Records from a data collection:
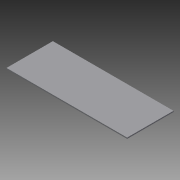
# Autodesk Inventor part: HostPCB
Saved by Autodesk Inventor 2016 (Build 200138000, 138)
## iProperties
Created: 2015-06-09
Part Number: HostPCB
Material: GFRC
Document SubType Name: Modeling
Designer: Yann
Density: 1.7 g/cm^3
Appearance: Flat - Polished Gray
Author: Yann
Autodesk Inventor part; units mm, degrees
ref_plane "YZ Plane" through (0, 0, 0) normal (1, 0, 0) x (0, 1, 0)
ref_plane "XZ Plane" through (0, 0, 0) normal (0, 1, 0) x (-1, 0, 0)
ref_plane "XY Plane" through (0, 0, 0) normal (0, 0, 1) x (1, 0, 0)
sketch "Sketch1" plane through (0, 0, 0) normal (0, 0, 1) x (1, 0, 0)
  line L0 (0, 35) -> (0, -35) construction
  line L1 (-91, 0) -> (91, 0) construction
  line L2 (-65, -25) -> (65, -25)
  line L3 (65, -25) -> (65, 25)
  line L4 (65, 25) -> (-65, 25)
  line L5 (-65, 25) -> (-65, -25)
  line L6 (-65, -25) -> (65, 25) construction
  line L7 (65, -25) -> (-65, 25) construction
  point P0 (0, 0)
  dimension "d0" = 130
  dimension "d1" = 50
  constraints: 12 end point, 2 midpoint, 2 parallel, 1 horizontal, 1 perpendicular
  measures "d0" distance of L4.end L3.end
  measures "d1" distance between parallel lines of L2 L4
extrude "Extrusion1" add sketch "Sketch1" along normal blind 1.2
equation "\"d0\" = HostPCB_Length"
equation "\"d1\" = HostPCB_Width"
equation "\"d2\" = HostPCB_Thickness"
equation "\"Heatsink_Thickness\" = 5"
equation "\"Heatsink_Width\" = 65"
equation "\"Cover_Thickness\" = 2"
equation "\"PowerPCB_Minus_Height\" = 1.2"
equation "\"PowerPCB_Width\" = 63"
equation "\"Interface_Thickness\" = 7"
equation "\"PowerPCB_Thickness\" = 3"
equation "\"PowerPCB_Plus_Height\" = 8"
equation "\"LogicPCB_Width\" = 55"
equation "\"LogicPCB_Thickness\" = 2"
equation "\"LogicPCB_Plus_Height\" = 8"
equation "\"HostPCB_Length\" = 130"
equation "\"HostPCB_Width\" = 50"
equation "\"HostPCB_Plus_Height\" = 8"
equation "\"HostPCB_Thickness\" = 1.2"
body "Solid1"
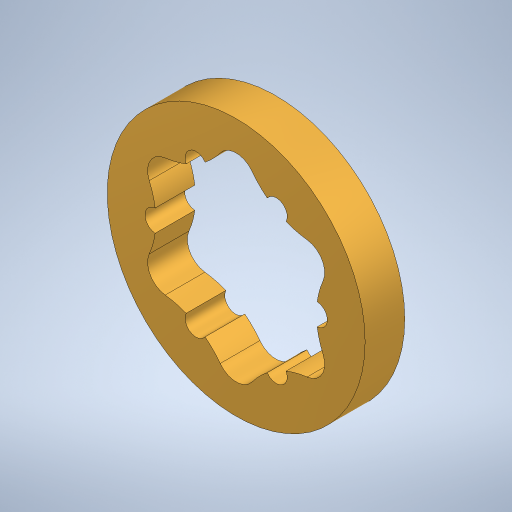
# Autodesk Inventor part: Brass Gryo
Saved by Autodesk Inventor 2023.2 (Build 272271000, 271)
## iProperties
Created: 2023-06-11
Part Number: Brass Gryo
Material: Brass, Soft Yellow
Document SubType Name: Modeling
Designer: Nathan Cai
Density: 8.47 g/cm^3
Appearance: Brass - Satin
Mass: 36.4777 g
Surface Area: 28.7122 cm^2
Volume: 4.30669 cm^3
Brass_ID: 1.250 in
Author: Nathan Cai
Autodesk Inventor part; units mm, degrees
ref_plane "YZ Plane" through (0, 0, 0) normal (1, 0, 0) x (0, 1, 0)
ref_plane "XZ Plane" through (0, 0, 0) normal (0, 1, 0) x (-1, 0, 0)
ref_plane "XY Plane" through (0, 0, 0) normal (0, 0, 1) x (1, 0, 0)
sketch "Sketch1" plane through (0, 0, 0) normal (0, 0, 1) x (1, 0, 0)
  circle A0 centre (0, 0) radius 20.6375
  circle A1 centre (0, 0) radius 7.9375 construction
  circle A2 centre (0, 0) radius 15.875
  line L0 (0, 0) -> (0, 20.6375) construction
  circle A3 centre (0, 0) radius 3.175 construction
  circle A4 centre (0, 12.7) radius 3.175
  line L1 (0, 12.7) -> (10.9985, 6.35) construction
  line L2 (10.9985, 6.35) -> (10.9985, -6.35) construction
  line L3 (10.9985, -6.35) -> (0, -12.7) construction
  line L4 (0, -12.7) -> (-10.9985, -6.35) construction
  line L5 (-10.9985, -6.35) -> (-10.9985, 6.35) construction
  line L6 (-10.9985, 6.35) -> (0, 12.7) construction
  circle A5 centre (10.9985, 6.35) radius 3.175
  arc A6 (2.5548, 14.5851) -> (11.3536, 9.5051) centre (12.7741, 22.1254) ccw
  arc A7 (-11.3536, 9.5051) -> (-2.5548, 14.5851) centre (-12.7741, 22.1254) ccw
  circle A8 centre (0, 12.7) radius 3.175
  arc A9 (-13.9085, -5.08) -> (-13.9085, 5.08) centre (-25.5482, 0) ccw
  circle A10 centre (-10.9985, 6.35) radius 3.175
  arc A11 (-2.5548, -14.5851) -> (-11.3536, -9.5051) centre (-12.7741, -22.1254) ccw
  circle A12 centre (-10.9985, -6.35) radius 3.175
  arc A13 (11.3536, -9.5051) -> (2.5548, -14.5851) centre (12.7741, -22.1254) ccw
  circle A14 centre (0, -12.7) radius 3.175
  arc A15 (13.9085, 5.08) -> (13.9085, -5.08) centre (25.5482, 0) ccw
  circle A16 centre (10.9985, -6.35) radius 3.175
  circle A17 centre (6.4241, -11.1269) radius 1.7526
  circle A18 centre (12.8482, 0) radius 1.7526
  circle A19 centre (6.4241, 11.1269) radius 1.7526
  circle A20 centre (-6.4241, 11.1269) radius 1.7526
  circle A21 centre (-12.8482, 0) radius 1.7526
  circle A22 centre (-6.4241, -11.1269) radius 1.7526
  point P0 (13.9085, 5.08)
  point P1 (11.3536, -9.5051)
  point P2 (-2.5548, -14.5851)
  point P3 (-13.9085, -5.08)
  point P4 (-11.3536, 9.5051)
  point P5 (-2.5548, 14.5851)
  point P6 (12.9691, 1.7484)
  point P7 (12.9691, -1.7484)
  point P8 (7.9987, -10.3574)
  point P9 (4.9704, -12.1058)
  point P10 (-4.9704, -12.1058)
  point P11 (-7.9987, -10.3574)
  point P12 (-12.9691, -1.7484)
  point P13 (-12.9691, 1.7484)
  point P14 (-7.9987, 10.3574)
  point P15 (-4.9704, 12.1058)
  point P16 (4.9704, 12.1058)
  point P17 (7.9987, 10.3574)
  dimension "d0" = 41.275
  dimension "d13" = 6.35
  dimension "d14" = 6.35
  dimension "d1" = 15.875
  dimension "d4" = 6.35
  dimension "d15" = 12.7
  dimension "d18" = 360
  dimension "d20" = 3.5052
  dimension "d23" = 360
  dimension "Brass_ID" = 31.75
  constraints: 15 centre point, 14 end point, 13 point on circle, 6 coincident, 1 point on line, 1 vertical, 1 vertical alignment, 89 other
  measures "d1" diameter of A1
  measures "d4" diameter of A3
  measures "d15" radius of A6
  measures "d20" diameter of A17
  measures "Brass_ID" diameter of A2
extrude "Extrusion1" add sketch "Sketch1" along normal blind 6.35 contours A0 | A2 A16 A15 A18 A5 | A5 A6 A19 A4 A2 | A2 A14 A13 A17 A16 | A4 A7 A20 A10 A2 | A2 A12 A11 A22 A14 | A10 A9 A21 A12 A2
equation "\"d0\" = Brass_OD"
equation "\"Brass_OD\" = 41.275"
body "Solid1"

Aim of the task
From the entries above, copy each line that holds "blind".

Problem solution
extrude "Extrusion1" add sketch "Sketch1" along normal blind 1.2
extrude "Extrusion1" add sketch "Sketch1" along normal blind 6.35 contours A0 | A2 A16 A15 A18 A5 | A5 A6 A19 A4 A2 | A2 A14 A13 A17 A16 | A4 A7 A20 A10 A2 | A2 A12 A11 A22 A14 | A10 A9 A21 A12 A2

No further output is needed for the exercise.